Ecco la nostra bandiera, in queste ore, è visibile proprio agli occhi del mondo perché sta sventolando sulla Vespucci, il veliero simbolo della Marina Militare che attualmente si trova nelle acque dell’Argentina, nell’ambito di un progetto interministeriale del Turismo e della Difesa per la promozione del Made in Italy. La tappa di Buenos Aires rappresenta l’avvio della seconda fase del Tour mondiale della Vespucci che si concluderà nel 2025. Un’iniziativa che, a proposito del fare sistema, rappresenta anche un’importante occasione per promuovere la candidatura della cucina italiana a patrimonio immateriale Unesco. 
Insieme alla nostra riconoscibilità, c’è la possibilità d’incrementare il turismo delle radici italiane nel mondo, che vanta numeri significativi. Vale la pena sottolineare che questo turismo interessa un numero di viaggiatori compreso tra i 60 e gli 80 milioni, un volume che genera una spesa annua di circa 8 miliardi di euro (Confcommercio). E l’Argentina è uno dei Paesi che, da questo punto di vista, ha particolari legami con l’Italia.
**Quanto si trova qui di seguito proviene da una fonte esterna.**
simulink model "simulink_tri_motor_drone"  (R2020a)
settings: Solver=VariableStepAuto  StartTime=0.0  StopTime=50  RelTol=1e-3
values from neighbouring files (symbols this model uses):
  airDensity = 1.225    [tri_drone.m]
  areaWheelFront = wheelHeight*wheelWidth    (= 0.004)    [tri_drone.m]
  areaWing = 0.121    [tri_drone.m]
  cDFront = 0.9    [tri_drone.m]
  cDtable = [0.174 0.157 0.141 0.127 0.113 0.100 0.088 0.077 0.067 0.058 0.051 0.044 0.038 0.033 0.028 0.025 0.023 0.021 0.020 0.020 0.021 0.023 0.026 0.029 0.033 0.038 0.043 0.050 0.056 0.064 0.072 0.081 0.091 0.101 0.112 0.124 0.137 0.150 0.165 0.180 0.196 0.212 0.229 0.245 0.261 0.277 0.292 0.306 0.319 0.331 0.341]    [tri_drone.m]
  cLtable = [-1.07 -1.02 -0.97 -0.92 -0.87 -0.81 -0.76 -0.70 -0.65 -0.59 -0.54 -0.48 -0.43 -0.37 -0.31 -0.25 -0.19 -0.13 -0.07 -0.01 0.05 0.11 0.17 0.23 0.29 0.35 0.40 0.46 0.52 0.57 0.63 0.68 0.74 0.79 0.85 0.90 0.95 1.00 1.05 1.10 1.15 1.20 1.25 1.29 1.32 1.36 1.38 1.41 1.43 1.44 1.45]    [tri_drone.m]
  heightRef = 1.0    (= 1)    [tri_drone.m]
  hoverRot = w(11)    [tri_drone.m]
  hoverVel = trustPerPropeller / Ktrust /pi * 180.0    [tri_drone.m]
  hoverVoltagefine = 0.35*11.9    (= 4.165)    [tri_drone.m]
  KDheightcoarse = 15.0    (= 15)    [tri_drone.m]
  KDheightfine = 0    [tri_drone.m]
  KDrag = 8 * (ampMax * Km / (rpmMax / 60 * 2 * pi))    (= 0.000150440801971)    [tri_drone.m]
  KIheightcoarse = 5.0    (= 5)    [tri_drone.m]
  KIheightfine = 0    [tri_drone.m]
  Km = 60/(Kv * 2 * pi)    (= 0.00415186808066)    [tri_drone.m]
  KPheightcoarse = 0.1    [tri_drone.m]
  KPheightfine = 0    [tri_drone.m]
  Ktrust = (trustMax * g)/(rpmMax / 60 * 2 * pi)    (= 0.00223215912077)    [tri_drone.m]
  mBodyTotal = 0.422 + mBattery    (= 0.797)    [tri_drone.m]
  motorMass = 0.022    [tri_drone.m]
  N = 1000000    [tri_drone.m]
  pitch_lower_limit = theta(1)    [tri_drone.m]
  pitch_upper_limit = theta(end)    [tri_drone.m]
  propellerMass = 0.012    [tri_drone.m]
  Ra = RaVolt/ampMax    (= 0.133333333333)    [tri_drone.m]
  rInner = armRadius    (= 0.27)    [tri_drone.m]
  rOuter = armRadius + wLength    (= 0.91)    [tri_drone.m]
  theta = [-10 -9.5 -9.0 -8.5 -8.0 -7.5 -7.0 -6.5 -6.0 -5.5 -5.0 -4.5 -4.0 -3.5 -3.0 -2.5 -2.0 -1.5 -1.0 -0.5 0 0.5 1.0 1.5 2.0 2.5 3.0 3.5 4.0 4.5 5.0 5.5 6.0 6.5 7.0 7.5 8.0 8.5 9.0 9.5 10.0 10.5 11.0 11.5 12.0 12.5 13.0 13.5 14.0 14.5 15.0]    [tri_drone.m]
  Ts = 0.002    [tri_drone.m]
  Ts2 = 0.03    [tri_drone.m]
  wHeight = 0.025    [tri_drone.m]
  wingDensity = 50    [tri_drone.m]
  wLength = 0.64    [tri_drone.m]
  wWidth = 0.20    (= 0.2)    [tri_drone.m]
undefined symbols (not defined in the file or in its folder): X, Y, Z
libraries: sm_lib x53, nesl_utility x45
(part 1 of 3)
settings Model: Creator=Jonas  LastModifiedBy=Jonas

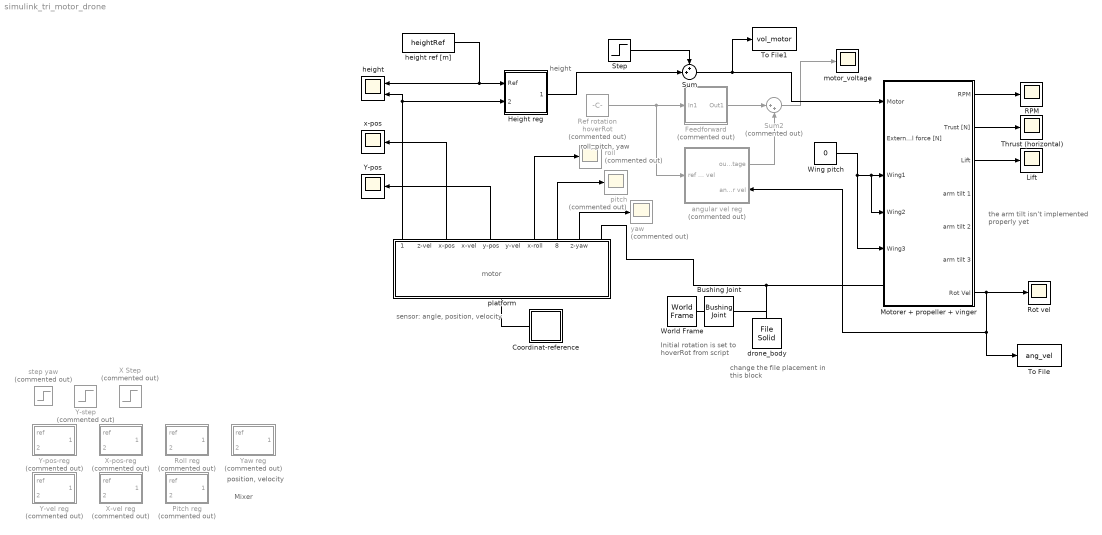
== system simulink_tri_motor_drone ==
  note: the arm tilt isn't implemented properly yet
  note: change the file placement in this block
  note: Initial rotation is set to
      | hoverRot from script
  note: roll, pitch, yaw
  note: position, velocity
  note: height
  note: motor
  note: Mixer
  note: sensor: angle, position, velocity
  Bushing Joint : sm_lib/Joints/Bushing Joint  JointMode=Normal  SenseConstraintForce=off  SenseConstraintForceX=off  SenseConstraintForceY=off  SenseConstraintForceZ=off  SenseConstraintTorque=off  SenseConstraintTorqueX=off  SenseConstraintTorqueY=off  SenseConstraintTorqueZ=off  SenseTotalForce=off  SenseTotalForceX=off  SenseTotalForceY=off  SenseTotalForceZ=off  SenseTotalTorque=off  SenseTotalTorqueX=off  SenseTotalTorqueY=off  SenseTotalTorqueZ=off  CompositeWrenchDir=FollowerOnBase  CompositeWrenchFrame=BaseFrame  PxEquilibriumPosition=0  PxEquilibriumPositionUnits=m  PxSpringStiffness=0  PxSpringStiffnessUnits=N/m  PxDampingCoefficient=0  PxDampingCoefficientUnits=N/(m/s)  PxTorqueActuationMode=NoTorque  PxMotionActuationMode=ComputedMotion  PxSensePosition=off  PxSenseVelocity=off  PxSenseAcceleration=off  PxSenseTorqueForce=off  PxSenseLowerLimitTorqueForce=off  PxSenseUpperLimitTorqueForce=off  PxLowerLimitSpecify=off  PxLowerLimitBound=-1  PxLowerLimitBoundUnits=m  PxLowerLimitStiffness=1e6  PxLowerLimitStiffnessUnits=N/m  PxLowerLimitDamping=1e3  PxLowerLimitDampingUnits=N/(m/s)  PxLowerLimitTransitionRegionWidth=1e-4  PxLowerLimitTransitionRegionWidthUnits=m  PxUpperLimitSpecify=off  PxUpperLimitBound=1  PxUpperLimitBoundUnits=m  PxUpperLimitStiffness=1e6  PxUpperLimitStiffnessUnits=N/m  PxUpperLimitDamping=1e3  PxUpperLimitDampingUnits=N/(m/s)  PxUpperLimitTransitionRegionWidth=1e-4  PxUpperLimitTransitionRegionWidthUnits=m  PxPositionTargetSpecify=off  PxPositionTargetPriority=High  PxPositionTargetValue=0  PxPositionTargetValueUnits=m  PxVelocityTargetSpecify=off  PxVelocityTargetPriority=High  PxVelocityTargetValue=0  PxVelocityTargetValueUnits=m/s  PyEquilibriumPosition=0  PyEquilibriumPositionUnits=m  PySpringStiffness=0  PySpringStiffnessUnits=N/m  PyDampingCoefficient=0  PyDampingCoefficientUnits=N/(m/s)  PyTorqueActuationMode=NoTorque  PyMotionActuationMode=ComputedMotion  PySensePosition=off  PySenseVelocity=off  PySenseAcceleration=off  PySenseTorqueForce=off  PySenseLowerLimitTorqueForce=off  PySenseUpperLimitTorqueForce=off  PyLowerLimitSpecify=off  PyLowerLimitBound=-1  PyLowerLimitBoundUnits=m  PyLowerLimitStiffness=1e6  PyLowerLimitStiffnessUnits=N/m  PyLowerLimitDamping=1e3  PyLowerLimitDampingUnits=N/(m/s)  PyLowerLimitTransitionRegionWidth=1e-4  PyLowerLimitTransitionRegionWidthUnits=m  PyUpperLimitSpecify=off  PyUpperLimitBound=1  PyUpperLimitBoundUnits=m  PyUpperLimitStiffness=1e6  PyUpperLimitStiffnessUnits=N/m  PyUpperLimitDamping=1e3  PyUpperLimitDampingUnits=N/(m/s)  PyUpperLimitTransitionRegionWidth=1e-4  PyUpperLimitTransitionRegionWidthUnits=m  PyPositionTargetSpecify=off  PyPositionTargetPriority=High  PyPositionTargetValue=0  PyPositionTargetValueUnits=m  PyVelocityTargetSpecify=off  PyVelocityTargetPriority=High  PyVelocityTargetValue=0  PyVelocityTargetValueUnits=m/s  PzEquilibriumPosition=0  PzEquilibriumPositionUnits=m  PzSpringStiffness=0  PzSpringStiffnessUnits=N/m  PzDampingCoefficient=0  PzDampingCoefficientUnits=N/(m/s)  PzTorqueActuationMode=NoTorque  PzMotionActuationMode=ComputedMotion  PzSensePosition=off  PzSenseVelocity=off  PzSenseAcceleration=off  PzSenseTorqueForce=off  PzSenseLowerLimitTorqueForce=off  PzSenseUpperLimitTorqueForce=off  PzLowerLimitSpecify=off  PzLowerLimitBound=-1  PzLowerLimitBoundUnits=m  PzLowerLimitStiffness=1e6  PzLowerLimitStiffnessUnits=N/m  PzLowerLimitDamping=1e3  PzLowerLimitDampingUnits=N/(m/s)  PzLowerLimitTransitionRegionWidth=1e-4  PzLowerLimitTransitionRegionWidthUnits=m  PzUpperLimitSpecify=off  PzUpperLimitBound=1  PzUpperLimitBoundUnits=m  PzUpperLimitStiffness=1e6  PzUpperLimitStiffnessUnits=N/m  PzUpperLimitDamping=1e3  PzUpperLimitDampingUnits=N/(m/s)  PzUpperLimitTransitionRegionWidth=1e-4  PzUpperLimitTransitionRegionWidthUnits=m  PzPositionTargetSpecify=off  PzPositionTargetPriority=High  PzPositionTargetValue=0  PzPositionTargetValueUnits=m  PzVelocityTargetSpecify=off  PzVelocityTargetPriority=High  PzVelocityTargetValue=0  PzVelocityTargetValueUnits=m/s  RxEquilibriumPosition=0  RxEquilibriumPositionUnits=deg  RxSpringStiffness=0  RxSpringStiffnessUnits=N*m/deg  RxDampingCoefficient=0  RxDampingCoefficientUnits=N*m/(deg/s)  RxTorqueActuationMode=NoTorque  RxMotionActuationMode=ComputedMotion  RxSensePosition=off  RxSenseVelocity=off  RxSenseAcceleration=off  RxSenseTorqueForce=off  RxSenseLowerLimitTorqueForce=off  RxSenseUpperLimitTorqueForce=off  RxLowerLimitSpecify=off  RxLowerLimitBound=-90  RxLowerLimitBoundUnits=deg  RxLowerLimitStiffness=1e4  RxLowerLimitStiffnessUnits=N*m/deg  RxLowerLimitDamping=10  RxLowerLimitDampingUnits=N*m/(deg/s)  RxLowerLimitTransitionRegionWidth=0.1  RxLowerLimitTransitionRegionWidthUnits=deg  RxUpperLimitSpecify=off  RxUpperLimitBound=90  RxUpperLimitBoundUnits=deg  RxUpperLimitStiffness=1e4  RxUpperLimitStiffnessUnits=N*m/deg  RxUpperLimitDamping=10  RxUpperLimitDampingUnits=N*m/(deg/s)  RxUpperLimitTransitionRegionWidth=0.1  RxUpperLimitTransitionRegionWidthUnits=deg  RxPositionTargetSpecify=off  RxPositionTargetPriority=High  RxPositionTargetValue=0  RxPositionTargetValueUnits=deg  RxVelocityTargetSpecify=off  RxVelocityTargetPriority=High  RxVelocityTargetValue=0  RxVelocityTargetValueUnits=deg/s  RyEquilibriumPosition=0  RyEquilibriumPositionUnits=deg  RySpringStiffness=0  RySpringStiffnessUnits=N*m/deg  RyDampingCoefficient=0  RyDampingCoefficientUnits=N*m/(deg/s)  RyTorqueActuationMode=NoTorque  RyMotionActuationMode=ComputedMotion  RySensePosition=off  RySenseVelocity=off  RySenseAcceleration=off  RySenseTorqueForce=off  RySenseLowerLimitTorqueForce=off  RySenseUpperLimitTorqueForce=off  RyLowerLimitSpecify=off  RyLowerLimitBound=-90  RyLowerLimitBoundUnits=deg  RyLowerLimitStiffness=1e4  RyLowerLimitStiffnessUnits=N*m/deg  RyLowerLimitDamping=10  RyLowerLimitDampingUnits=N*m/(deg/s)  RyLowerLimitTransitionRegionWidth=0.1  RyLowerLimitTransitionRegionWidthUnits=deg  RyUpperLimitSpecify=off  RyUpperLimitBound=90  RyUpperLimitBoundUnits=deg  RyUpperLimitStiffness=1e4  RyUpperLimitStiffnessUnits=N*m/deg  RyUpperLimitDamping=10  RyUpperLimitDampingUnits=N*m/(deg/s)  RyUpperLimitTransitionRegionWidth=0.1  RyUpperLimitTransitionRegionWidthUnits=deg  RyPositionTargetSpecify=off  RyPositionTargetPriority=High  RyPositionTargetValue=0  RyPositionTargetValueUnits=deg  RyVelocityTargetSpecify=off  RyVelocityTargetPriority=High  RyVelocityTargetValue=0  RyVelocityTargetValueUnits=deg/s  RzEquilibriumPosition=0  RzEquilibriumPositionUnits=deg  RzSpringStiffness=0  RzSpringStiffnessUnits=N*m/deg  RzDampingCoefficient=0  RzDampingCoefficientUnits=N*m/(deg/s)  RzTorqueActuationMode=NoTorque  RzMotionActuationMode=ComputedMotion  RzSensePosition=off  RzSenseVelocity=off  RzSenseAcceleration=off  RzSenseTorqueForce=off  RzSenseLowerLimitTorqueForce=off  RzSenseUpperLimitTorqueForce=off  RzLowerLimitSpecify=off  RzLowerLimitBound=-90  RzLowerLimitBoundUnits=deg  RzLowerLimitStiffness=1e4  RzLowerLimitStiffnessUnits=N*m/deg  RzLowerLimitDamping=10  RzLowerLimitDampingUnits=N*m/(deg/s)  RzLowerLimitTransitionRegionWidth=0.1  RzLowerLimitTransitionRegionWidthUnits=deg  RzUpperLimitSpecify=off  RzUpperLimitBound=90  RzUpperLimitBoundUnits=deg  RzUpperLimitStiffness=1e4  RzUpperLimitStiffnessUnits=N*m/deg  RzUpperLimitDamping=10  RzUpperLimitDampingUnits=N*m/(deg/s)  RzUpperLimitTransitionRegionWidth=0.1  RzUpperLimitTransitionRegionWidthUnits=deg  RzPositionTargetSpecify=off  RzPositionTargetPriority=High  RzPositionTargetValue=0  RzPositionTargetValueUnits=deg  RzVelocityTargetSpecify=on  RzVelocityTargetPriority=High  RzVelocityTargetValue=initRot  RzVelocityTargetValueUnits=rad/s
  Coordinat-reference : Subsystem
  Feedforward : Subsystem  Commented=on
  Height reg : Subsystem
  Lift : Scope
  Motorer + propeller + vinger : Subsystem
  Pitch reg : Subsystem  Commented=on
  RPM : Scope
  Ref rotation : Constant  Commented=on  Value=hoverRot
  Roll reg : Subsystem  Commented=on
  Rot vel : Scope
  Step : Step  Time=25  After=0.39*11.9  SampleTime=0
  Sum : Sum  Inputs=++|
  Sum2 : Sum  Commented=on  Inputs=|++
  Thrust (horizontal) : Scope
  To File : ToFile  Filename=ang_vel
  To File1 : ToFile  Filename=vol_motor
  Wing pitch : Constant  Value=0
  World Frame : sm_lib/Frames and Transforms/World Frame
  X Step : Step  Commented=on  Time=1.5  After=0  SampleTime=0
  X-pos-reg : Subsystem  Commented=on
  X-vel reg : Subsystem  Commented=on
  Y-pos : Scope
  Y-pos-reg : Subsystem  Commented=on
  Y-step : Step  Commented=on  After=0  SampleTime=0
  Y-vel reg : Subsystem  Commented=on
  "Yaw reg " : Subsystem  Commented=on
  angular vel reg : Subsystem  Commented=on
      settings: PortSchema="{\"entries\":[{\"content\":{\"sides\":[{\"content\":{\"connectorIds\":[\"In1\"]},\"type\":\"ConnectorPlacement.EquallySpacedRectSide\",\"uuid\":\"77c843f2-849e-4254-8ab0-e659ee2bffc0\"},{\"content\":{\"connectorIds\":[\"Out1\",\"In2\"],\"side\":\"RIGHT\"},\"type\":\"ConnectorPlacement.EquallySpacedRectSide\",\"uuid\":\"827c0fe3-5880-493e-8320-005b0a787497\"},{\"content\":{\"connectorIds\":[],\"side\":\"TOP\"},\"type\":\"ConnectorPlacement.EquallySpacedRectSide\",\"uuid\":\"d374b84c-e282-483e-a15b-002a2b8dff42\"}]},\"type\":\"ConnectorPlacement.EquallySpacedConnector\",\"uuid\":\"ceb3a894-fc48-462a-be70-379008192682\"}],\"packageUris\":[\"http://schema.mathworks.com/mf0/Connector/19700101\"],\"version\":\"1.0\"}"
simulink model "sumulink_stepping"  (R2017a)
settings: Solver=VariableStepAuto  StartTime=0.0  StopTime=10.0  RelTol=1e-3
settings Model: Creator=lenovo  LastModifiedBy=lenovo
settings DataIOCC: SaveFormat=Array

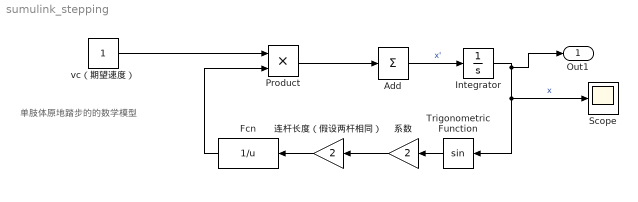
== system sumulink_stepping ==
  note: 单肢体原地踏步的的数学模型
  Add : Sum  Inputs=+
  Fcn : Fcn  Expr=1/u
  Integrator : Integrator  InitialCondition=0.1
  Product : Product
  Scope : Scope
  Trigonometric Function : Trigonometry
  vc（期望速度） : Constant
  系数 : Gain  Gain=2
  连杆长度（假设两杆相同） : Gain  Gain=2
  Out1 : Outport
  wires:
  Add/1 -> Integrator/1  "x'"
  Integrator/1 -> Out1/1, Scope/1, Trigonometric Function/1  "x"
  Trigonometric Function/1 -> 系数/1
  系数/1 -> 连杆长度（假设两杆相同）/1
  连杆长度（假设两杆相同）/1 -> Fcn/1
  Product/1 -> Add/1
  Fcn/1 -> Product/2
  vc（期望速度）/1 -> Product/1
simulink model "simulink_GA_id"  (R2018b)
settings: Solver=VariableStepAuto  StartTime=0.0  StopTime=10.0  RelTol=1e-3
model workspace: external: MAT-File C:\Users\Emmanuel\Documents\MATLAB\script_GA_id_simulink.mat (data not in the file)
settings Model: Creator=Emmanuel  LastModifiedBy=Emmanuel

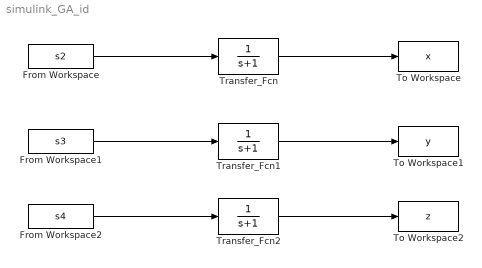
== system simulink_GA_id ==
  From Workspace : FromWorkspace  VariableName=s2  SampleTime=0
  From Workspace1 : FromWorkspace  VariableName=s3  SampleTime=0
  From Workspace2 : FromWorkspace  VariableName=s4  SampleTime=0
  To Workspace : ToWorkspace  VariableName=x  SampleTime=-1
  To Workspace1 : ToWorkspace  VariableName=y  SampleTime=-1
  To Workspace2 : ToWorkspace  VariableName=z  SampleTime=-1
  Transfer_Fcn : TransferFcn  Denominator=[1 1]
  Transfer_Fcn1 : TransferFcn  Denominator=[1 1]
  Transfer_Fcn2 : TransferFcn  Denominator=[1 1]
  wires:
  From Workspace/1 -> Transfer_Fcn/1
  Transfer_Fcn/1 -> To Workspace/1
  From Workspace1/1 -> Transfer_Fcn1/1
  Transfer_Fcn1/1 -> To Workspace1/1
  From Workspace2/1 -> Transfer_Fcn2/1
  Transfer_Fcn2/1 -> To Workspace2/1

Dovremmo sentirci un po’ tutti come la Vespucci, ambasciatori di un Paese che non può solo vantarsi di quello che è stato ma che, unito, può farsi vanto di quello che è potrà continuare a incarnare. Una bandiera in cui chi possa riconoscersi non solo chi ama l’Italia, ma il “bello” e il “buono” nelle sue accezioni più diverse e universali. Ricordiamolo, a noi stessi prima di tutto. Sono in pochi, nel mondo, a poter vantare questa che, detto con un pizzico di orgoglio, non è solo eccellenza ma, ascoltandoci bene, anche una bella, intima, emozione.